I am in a similar situation. We do not have kids and he has stopped drinking... but I am waiting to see if he really means it. He knows I will leave him if he continues on his path. For a long time, he never really saw a problem. I am not living my life with an alcoholic and I've told him this. Trust me, I don't want to get a divorce either, just the sound of it makes my head spin because of all the complications. But I have to live my life for me, and not let him bring me down. If that means someday leaving, then that's what I will have to do.

iVillage Member
Registered: 08-30-2006
Sun, 09-03-2006 - 11:39pm
Thank you!! I think what has helped me the most is that I had all weekend with the kids and we had a really good time. He went hunting so it was just the 3 of us and for the first time my daughter who is 6 now did not ask about where her father was. She is really close to him but I think she is starting to see the issues. I know she is because she told me the other night about it. That broke my heart. I guess I have realized that I do not and will not understand what he has. Nothing could ever make me so weak that I would choose it over my children. For awhile I struggled with that. His weakness was dumb founding me. The more I tried to understand it the more I hated it. I'm learning that I don't understand it and all I can do is make a choice. I can not live with the angre inside. If it is possible I am getting past that. I look at him and feel sorry for him. He is weak and that is something I just don't think I can live with. Mainly because the kids will look to him and all they will see is a drunk dad. And when they are teenagers and start drinking...what do I tell them? It's ok for dad to get drunk and only when your're an adult you can do the same..hahahaha. There is no way!!!!!!!!!!!!!!!!!!! I guess he will be a good example of a bad example for them.
iVillage Member
Registered: 12-16-2005
Mon, 09-11-2006 - 3:24pm

I am so sorry you find your family in the situation of being hurt by the disease of alcoholism.

But you need to understand that you are asking for the impossible. There IS NO one statement that will make him see that he needs to sober up. You did not cause him to drink and you cannot make him stop. He must make that choice for himself, some say with the help of his higher power. Alcoholism is a DISEASE, not a WEAKNESS. He is not choosing alcohol over loving his family, he is addicted to something he cannot at this time control.

I sense much hurt in you, but much love. I urge you to educate yourself about addiction/recovery. I urge you to make an appointment with a counsellor for yourself, I urge you to visit an al-anon meeting.

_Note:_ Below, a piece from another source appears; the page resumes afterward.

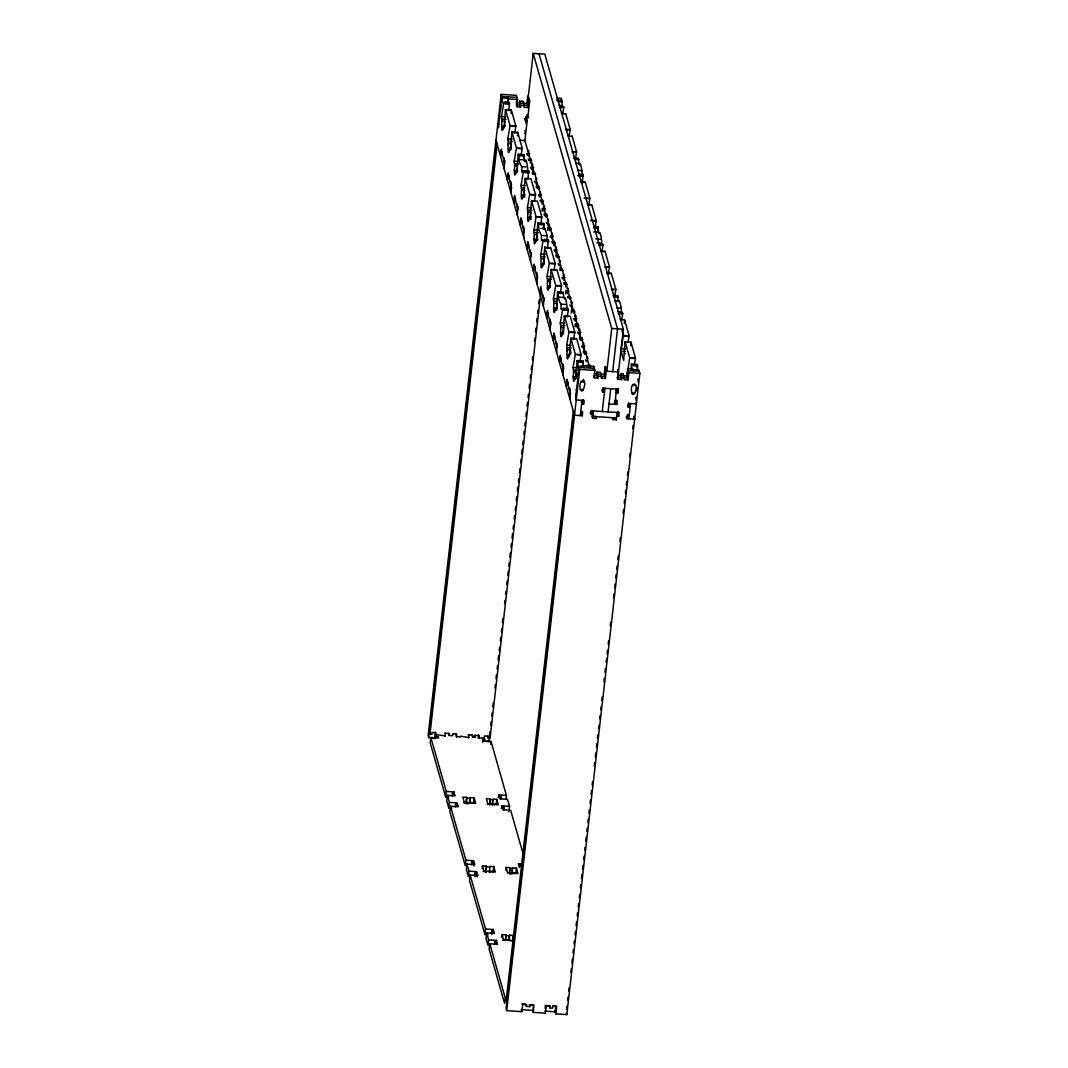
<?xml version="1.0" encoding="UTF-8"?>
<svg xmlns="http://www.w3.org/2000/svg" width="1068" height="1068" viewBox="0 0 1068 1068"><rect width="100%" height="100%" fill="white"/><g stroke="black" fill="none" stroke-linecap="round" stroke-linejoin="round"><path stroke-width="1.5" d="M527.605 171.16C528.393 169.064 525.763 155.007 524.949 161.842M544.119 229.019L543.719 223.426L537.898 223.038L536.363 241.515L535.736 239.352L537.912 239.499M547.243 239.926L547.257 235.788L545 228.952M562.315 105.972L561.327 98.323L556.615 98.002M563.757 297.772L563.357 292.178L557.536 291.804L556.682 310.227M578.843 163.818L578.442 158.224L574.077 157.944M581.953 174.738C582.781 172.749 580.084 159.332 579.47 164.913M583.395 366.538L582.995 360.944L577.174 360.57L575.679 379.073L574.998 376.884L576.453 376.977M598.467 232.584L598.067 226.99L593.701 226.71M618.105 301.35L617.704 295.756L613.339 295.476M621.229 312.27C622.003 310.281 619.64 298.493 618.906 301.67M637.743 370.115L637.342 364.522L631.522 364.135L631.161 369.234M543.839 263.262L543.826 264.317A6.862 0.894 -86.2 0 1 544.146 258.83L541.236 258.63L540.595 256.187L542.891 241.234C542.17 236.215 541.209 246.067 541.436 235.401C536.95 226.616 540.141 231.769 537.898 223.038M514.402 171.013L514.429 169.745M534.04 239.779L534.067 238.511M553.678 308.545L553.705 307.277M573.316 377.311L573.329 376.029M631.922 368.62L631.522 364.135M514.709 132.833L515.871 126.064L511.332 109.977L505.511 109.603L504.016 128.107L503.348 125.917L504.79 126.011M511.078 113.568L511.332 109.977M521.077 155.167L522.252 148.399L517.713 132.325L511.892 131.938L510.397 150.441L509.716 148.252L511.171 148.345M517.459 135.903L517.713 132.325M524.548 161.148L524.094 154.66L518.274 154.273L516.725 172.749L516.098 170.586L517.553 170.68M523.827 158.238L524.094 154.66M534.334 201.598L535.522 194.696L530.97 178.743L525.149 178.369L523.654 196.859L522.973 194.683L525.162 194.817M540.715 223.933L541.89 217.164L537.351 201.078L531.53 200.704L529.982 219.167L529.354 217.018L531.53 217.164M543.358 228.525L543.719 223.426M573.609 339.13L574.798 332.228L570.232 316.275L564.411 315.888L562.916 334.391L562.249 332.201L563.704 332.308M579.991 361.465L581.166 354.563L576.613 338.609L570.793 338.236L569.297 356.725L568.617 354.549L570.072 354.643M582.634 366.057L582.995 360.944M597.706 232.09L598.067 226.99M624.326 323.43L624.58 319.853L620.214 319.559M630.707 345.765L630.961 342.187L625.14 341.8L623.645 360.303L620.949 350.865L623.311 335.419L621.95 330.626M637.089 368.113L637.342 364.522M550.554 248.07L544.787 247.122L543.238 265.598L542.611 263.449L544.066 263.542M565.626 114.102L561.314 113.275M556.922 270.404L551.155 269.47L549.66 287.973L548.992 285.783L550.447 285.877M572.007 136.45L567.695 135.609M604.902 251.501L600.59 250.793M528.046 107.561L526.871 103.436L527.699 96.107L528.887 100.232L528.046 107.561L524.161 107.307L523.2 101.353L519.635 101.113L520.61 107.067L516.725 106.813L517.566 99.484L516.391 95.359L501.186 94.371C503.322 100.152 501.706 102.795 503.629 103.716L501.359 116.866L501.973 121.098A6.875 0.894 -86.2 0 0 501.92 129.922A6.875 0.894 -86.2 0 0 503.348 125.917M505.511 109.603L510.063 125.557L507.741 139.2L508.341 143.432A6.862 0.894 -86.2 0 0 508.301 152.257A6.862 0.894 -86.2 0 0 509.716 148.252L509.569 149.373M508.221 144.647L508.341 143.432L511.252 143.633A6.862 0.894 -86.2 0 0 511.145 144.714M511.892 131.938L516.445 147.891L514.109 161.535L514.723 165.78A6.862 0.894 -86.2 0 0 514.683 174.591A6.862 0.894 -86.2 0 0 516.098 170.586M518.274 154.273C520.463 163.257 517.393 157.837 521.878 167.369C521.277 177.889 523.146 166.621 523.253 172.482L520.984 185.632L521.598 189.864A6.875 0.894 -86.2 0 0 521.558 198.688A6.875 0.894 -86.2 0 0 522.973 194.683M525.149 178.369L529.701 194.323L527.365 207.966L527.979 212.198A6.862 0.894 -86.2 0 0 527.939 221.023A6.862 0.894 -86.2 0 0 529.354 217.018L529.207 218.139M527.859 213.413L527.979 212.198L530.889 212.398A6.862 0.894 -86.2 0 0 530.582 216.844M531.53 200.704L536.083 216.657L533.733 232.317L534.36 234.533L537.271 234.733A6.862 0.894 -86.2 0 0 536.95 240.233M544.787 247.122L549.339 263.075L547.003 276.732L547.617 280.964A6.862 0.894 -86.2 0 0 547.577 289.788A6.862 0.894 -86.2 0 0 548.992 285.783L548.845 286.905M547.497 282.179L547.617 280.964L550.527 281.151A6.862 0.894 -86.2 0 0 550.207 286.665M551.155 269.47L555.72 285.423L553.384 299.067L553.985 303.299A6.862 0.894 -86.2 0 0 553.945 312.123A6.862 0.894 -86.2 0 0 555.36 308.118L556.815 308.211M557.536 291.804C559.752 300.802 556.668 295.342 561.141 304.901C560.286 314.726 562.569 304.687 562.529 310L560.259 323.15L560.874 327.395A6.875 0.894 -86.2 0 0 560.82 336.206A6.875 0.894 -86.2 0 0 562.249 332.201M564.411 315.888L568.977 331.841L566.641 345.498L567.241 349.73A6.862 0.894 -86.2 0 0 567.201 358.541A6.862 0.894 -86.2 0 0 568.617 354.549L568.483 355.671M567.121 350.931L567.241 349.73L570.152 349.917L571.073 353.134M570.793 338.236L575.345 354.189L573.009 367.833L573.623 372.064A6.862 0.894 -86.2 0 0 573.583 380.889A6.862 0.894 -86.2 0 0 574.998 376.884M580.952 182.027L585.317 182.321L580.899 182.588M587.333 204.375L591.645 205.203L588.735 205.016L589.87 198.274L585.317 182.321M606.958 273.128L611.323 273.421L606.904 273.688M617.704 295.756L613.286 296.023M501.186 94.371L428.134 735.585L428.722 737.654L434.93 738.055M428.722 737.654L496.567 142.231M498.302 126.958L501.786 96.427L516.979 97.428L516.311 103.289M435.29 738.722L435.971 732.768L432.086 732.514L431.873 734.343L429.937 734.223L497.154 144.287M445.329 735.905L435.757 734.597L436.305 736.506L438.24 736.626L438.628 738.001L430.871 737.494L430.244 742.994L445.65 796.955L448.76 797.155M500.598 156.435L501.426 149.106L501.613 152.323M435.21 732.167L434.689 738.549M501.933 153.458L502.147 151.629L502.334 154.833M507.767 102.114L507.54 96.801M503.642 159.426L503.842 157.597L504.029 160.801M504.363 161.949L504.563 160.107L504.123 168.811M507.393 180.278L508.234 172.949L508.421 176.153M445.009 736.319L445.343 733.382M508.742 177.301L508.955 175.472L509.142 178.676M520.61 107.067L519.635 101.113M510.451 183.255L510.651 181.427L510.838 184.631M511.171 185.779L511.372 183.95L510.931 192.654L511.572 187.154L508.034 174.778M452.779 733.876L452.565 735.705L449.014 735.478L449.227 733.636M523.2 101.353L522.986 103.182L526.871 103.436M445.65 796.955L446.277 791.455L430.871 737.494M513.815 202.746L514.643 195.417L514.829 198.621M446.277 791.455L454.034 791.962L454.434 793.337L452.498 793.217L452.819 794.352L454.754 794.485L455.155 795.86L447.385 795.34L446.758 800.84L448.774 807.862L451.871 808.075M515.163 199.769L515.363 197.927L515.55 201.144M633.457 370.93L632.817 368.861L627.69 368.527L628.878 372.652L628.037 379.981L624.153 379.727L623.191 373.773L620.575 373.6L621.549 379.554L617.664 379.3L623.365 329.224L544.827 54.161L533.199 53.4L528.326 96.147L529.701 100.966L527.752 118.067L526.831 114.85M528.3 98.176L527.459 105.505L523.574 105.238M524.882 133.633L525.242 130.376M525.99 123.861L526.551 118.975L524.602 118.842M456.33 737.067L456.663 734.13L452.632 733.689M516.859 205.723L517.072 203.895L517.259 207.099M448.774 807.862L449.401 802.375L447.385 795.34M525.963 116.906L527.138 121.031L524.909 140.576L520.196 140.268M517.579 208.247L517.793 206.418L517.339 215.122M450.509 806.26L449.882 811.76L465.288 865.721L465.915 860.221L450.509 806.26L458.265 806.767L457.878 805.392L455.929 805.272L455.609 804.124L457.545 804.257L457.157 802.882L449.401 802.375M452.178 795.967L452.498 793.217M453.726 794.712L454.034 791.962M520.223 225.201L521.064 217.872L521.251 221.076M528.353 156.208L528.847 151.816L528.46 150.441L528.246 152.27L524.628 139.614M521.571 222.224L521.785 220.395L521.958 223.599M455.302 806.874L455.609 804.124M530.315 163.084L530.809 158.691L532.171 166.021L532.385 164.192L532.772 165.567L532.278 169.959M523.28 228.192L523.48 226.349L523.667 229.567M523.987 230.715L524.201 228.872L523.761 237.577M532.678 171.521L532.985 168.771L531.05 168.651L530.649 167.275L533.76 167.476M468.585 737.868L468.919 734.931M527.031 249.044L527.872 241.715L528.046 244.919M478.958 738.549L479.292 735.612L475.407 735.358L475.207 737.2L472.59 737.027L472.79 735.185L468.118 734.704M528.38 246.067L528.593 244.238L528.767 247.442M536.203 183.723L536.697 179.317L536.31 177.942L536.096 179.771L534.734 172.442M468.625 803.697L466.249 803.55L466.689 797.355L462.804 797.102L464.38 802.602L471.615 802.415L475.687 803.35L474.125 797.849L470.24 797.596L469.613 803.096M536.603 185.271L536.91 182.521L534.975 182.401L534.587 181.026M466.249 803.55L466.689 797.355M530.075 252.021L530.289 250.192L530.476 253.396M530.796 254.544L531.01 252.716L530.569 261.42M538.325 189.129L538.659 186.192L540.021 193.535L540.234 191.693L540.635 193.068L540.128 197.473M469.973 802.402L470.24 797.596M478.184 738.135L478.531 735.024M533.453 271.499L534.28 264.17L534.467 267.387M474.125 797.849L473.498 803.35L470.908 803.176M467.023 864.105L466.396 869.606L468.398 876.628L469.026 871.141L467.023 864.105L474.779 864.613L474.392 863.238L472.456 863.118L472.123 861.983L474.072 862.103L473.671 860.728L465.915 860.221M534.788 268.535L535.001 266.693L535.188 269.91M542.09 204.348L542.597 199.943L543.959 207.285L544.159 205.443L544.56 206.818L544.053 211.224M542.117 211.277L542.437 208.527L545.534 208.741M482.549 742.313L482.856 739.563L484.805 739.697L484.258 737.788L479.278 738.135L478.491 735.385M536.496 274.489L536.697 272.66L536.884 275.864M484.138 738.896L484.471 735.959L488.343 736.212L488.143 738.041L490.079 738.175L540.862 292.418M537.217 277.012L537.418 275.184L536.977 283.888M469.026 871.141L476.795 871.648L477.182 873.023L475.247 872.89L475.567 874.038L477.503 874.158L477.903 875.533L470.147 875.026L469.519 880.526L484.925 934.473L488.023 934.687M471.816 864.72L472.123 861.983M545.628 216.911L544.773 210.036L542.824 209.902L542.437 208.527M546.189 216.63L546.522 213.707L547.884 221.036L548.084 219.207L548.485 220.582L547.977 224.974M474.072 865.988L474.392 863.238M484.151 741.299L488.864 741.606L489.998 731.687M490.746 725.065L491.12 721.754M491.747 716.227L492.134 712.917M492.815 706.869L493.269 702.971M494.965 688.059L495.338 684.735M496.019 678.754L496.473 674.802M497.154 668.835L497.528 665.524M498.169 659.877L498.663 655.605M499.223 650.639L499.597 647.328M500.358 640.72L500.732 637.409M501.386 631.709L501.76 628.398M502.427 622.524L502.894 618.452M504.59 603.54L504.964 600.229M505.631 594.409L506.005 591.098M506.766 584.476L507.14 581.179M507.807 575.372L508.275 571.246M508.835 566.294L509.209 562.983M509.877 557.149L510.344 553.05M511.011 547.203L511.385 543.892M512.039 538.165L512.52 533.947M513.094 528.967L513.468 525.656M514.215 519.035L514.602 515.711M515.243 510.05L515.617 506.739M516.298 500.799L516.752 496.82M517.433 490.853L517.887 486.901M518.447 481.935L518.821 478.624M519.502 472.63L519.956 468.705M520.637 462.684L521.024 459.374M521.651 453.82L522.145 449.428M522.719 444.462L523.093 441.151M523.854 434.516L524.228 431.205M524.855 425.705L525.229 422.394M525.923 416.293L526.364 412.475M527.058 406.347L527.499 402.543M528.059 397.59L528.433 394.279M529.141 388.125L529.568 384.346M530.275 378.179L530.649 374.868M531.263 369.461L531.637 366.164M532.345 359.943L532.718 356.632M534.467 341.346L534.841 338.035M535.562 331.774L535.976 328.116M536.683 321.842L537.097 318.197M537.671 313.231L538.045 309.92M538.766 303.606L539.18 300.001M539.861 293.967L540.688 286.638L540.875 289.842M547.617 230.528L547.937 227.791L549.873 227.911L549.553 230.661M548.378 226.536L548.698 223.786L546.749 223.653L546.362 222.278M541.209 290.99L541.409 289.161L541.596 292.365M474.926 875.64L475.247 872.89M475.26 876.775L475.567 874.038M490.693 744.196L491.013 741.446L483.257 740.938L482.856 739.563M550.113 230.381L550.447 227.457L551.809 234.786L552.023 232.957L552.41 234.333L551.902 238.725M542.904 296.957L543.118 295.115L543.305 298.332M477.196 876.908L477.503 874.158M543.625 299.467L543.839 297.638L543.398 306.342M482.122 868.618L482.442 865.868L486.314 866.121L485.887 872.316L486.314 866.121M492.441 805.272L492.869 799.078L496.754 799.345L498.329 804.845L494.244 803.897L487.956 804.151L486.381 798.65L490.252 798.917L489.638 804.404L487.048 804.231M553.491 244.412L552.623 237.537L550.688 237.416L550.287 236.041L553.398 236.242M489.825 805.098L490.252 798.917M553.865 245.6L554.372 241.208L555.734 248.537L555.947 246.708L556.335 248.083L555.841 252.475M546.669 317.81L547.497 310.481L547.684 313.685M492.722 800.453L492.241 804.578L494.831 804.751M548.018 314.833L548.218 313.004L548.405 316.208M556.241 254.037L556.548 251.287L554.612 251.167L554.212 249.792L557.322 249.992M549.713 320.787L549.927 318.958L550.1 322.162M550.434 323.31L550.647 321.481L550.207 330.186M557.963 257.895L558.297 254.958L559.659 262.287L559.872 260.458L560.259 261.834L559.926 264.771M496.126 804.831L496.754 799.345M489.451 872.543L489.878 866.362L493.75 866.615L495.325 872.115L491.253 871.168L484.004 871.368L482.442 865.868M498.342 797.649L498.663 794.899L506.419 795.406L505.952 799.531M560.166 267.788L560.473 265.051L558.537 264.917L558.137 263.542M484.925 934.473L485.553 928.986L470.147 875.026M500.678 799.144L500.985 796.394L499.05 796.274L498.663 794.899M553.077 340.265L553.918 332.936L554.105 336.153M493.122 872.115L493.75 866.615M554.426 337.288L554.639 335.459L554.813 338.663M486.661 932.871L486.033 938.371L488.036 945.394L488.663 939.893L486.661 932.871L494.417 933.379L494.03 932.004L492.081 931.883L491.761 930.735L493.696 930.869L493.309 929.494L485.553 928.986M501.466 808.556L501.773 805.819L509.529 806.327L508.915 811.827M556.134 343.255L556.335 341.426L556.521 344.63M563.69 279.99L564.184 275.584L563.797 274.209L563.584 276.051L562.222 268.709M503.789 810.065L504.109 807.315L502.174 807.194L501.773 805.819M556.842 345.778L557.055 343.936L556.615 352.64M489.771 943.792L489.144 949.292L504.55 1003.239L505.177 997.752L489.771 943.792L497.541 944.299L497.141 942.924L495.205 942.79L494.871 941.656L496.82 941.789L496.42 940.414L488.663 939.893M491.454 933.485L491.761 930.735M491.774 934.634L492.081 931.883M565.653 286.865L566.147 282.459L567.509 289.802L567.722 287.959L568.123 289.348L567.615 293.74M565.68 293.793L566 291.043L569.097 291.257M492.989 932.244L493.309 929.494M559.499 362.733L560.326 355.404L560.513 358.608M560.834 359.756L561.047 357.927L561.234 361.131M494.564 944.406L494.871 941.656M496.113 943.164L496.42 940.414M569.751 299.147L570.085 296.223L571.447 303.552L571.647 301.723L572.048 303.098L571.54 307.491M562.542 365.71L562.756 363.881L562.929 367.085M505.698 870.166L506.018 867.416L509.89 867.67L509.623 872.489M563.263 368.233L563.477 366.404L563.023 375.108M571.18 313.044L571.487 310.307L573.436 310.428L572.261 306.302L570.312 306.182L569.925 304.794M571.941 309.053L572.261 306.302M501.76 937.384L502.067 934.634L505.952 934.887L505.685 939.693M509.262 873.17L509.89 867.67M573.676 312.897L574.01 309.974L575.372 317.303L575.572 315.474L575.972 316.849L575.465 321.241M566.307 386.576L567.135 379.247L567.322 382.451M512.039 871.969L512.506 867.843L516.391 868.097L517.953 873.597L513.882 872.663L507.58 872.916L506.018 867.416M567.642 383.599L567.856 381.757L568.043 384.974M512.24 872.663L512.506 867.843M575.105 326.808L575.425 324.058L577.361 324.178L577.04 326.928M505.952 934.887L505.324 940.387L502.734 940.214M569.351 389.553L569.551 387.724L569.738 390.928M570.072 392.076L570.272 390.247L569.831 398.951L570.472 393.451L566.934 381.076M577.428 328.116L577.935 323.724L579.297 331.053L579.51 329.224L579.897 330.599L579.39 334.992M516.391 868.097L515.764 873.597L513.174 873.424M508.889 940.614L509.503 935.127L513.388 935.381L514.175 938.131M509.236 939.933L509.503 935.127M579.79 336.553L580.111 333.803L578.175 333.683L577.775 332.308L580.885 332.508M513.388 935.381L512.76 940.881L510.17 940.708M580.979 340.679L580.111 333.803M573.329 411.1L506.112 1001.023L506.713 1003.092M581.526 340.412L581.86 337.475L583.221 344.804L583.435 342.975L583.822 344.35L583.488 347.287M573.916 413.156L506.085 1008.579L506.673 1010.648L521.865 1011.65L522.706 1004.32L526.577 1004.574L526.377 1006.403L529.928 1006.643L530.142 1004.801L534.013 1005.055L533.186 1012.384L545.441 1013.198L546.269 1005.869L550.154 1006.123L549.94 1007.952L552.556 1008.125L552.77 1006.296L556.655 1006.55L555.814 1013.879L566.814 1014.6L639.865 373.373L638.717 369.795L638.37 371.21M575.665 397.897L579.136 367.352C576.854 366.698 578.963 365.536 577.174 360.57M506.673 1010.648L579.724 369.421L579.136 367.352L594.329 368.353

They know what you're living and can help.

Take care and I hope life gets better for you.

wfsgal

iVillage Member
Registered: 09-14-2006
Thu, 09-14-2006 - 1:15am
Oh my........after reading your post - I almost thought it was ME who wrote it!!!
I too was looking for the 'one thing' to say to get my hubby's attention. I went with one idea for a 'wake-up' call and it pretty much turned to major disaster with one little exception. HE made the decision to move out of our home - which now just leaves me and our daughter. She and I are handling most of it very well. We miss him terribly, but we do not miss 'the bottle'. He continues to drink heavily, which he proved by getting a DUI a couple weeks ago BUT he blamed it on me because I am friends with a county cop. He is not getting any better, but as for myself, I KNOW I am getting better, I am no longer being his enabler and am able to focus more energy on our daughter who needs me to 'hang tough' and help support her when she's missing her daddy. We are starting counseling next week to help us cope and it's not going to be easy but in the end I think it will be worth it. I have come to realize that "I" cannot change his ways, he has to make that choice himself. It hurts to think that he has chosen the bottle over our daughter and also me, but it was better to find out after 18 months rather than 18 years from now. I wish you all the best!!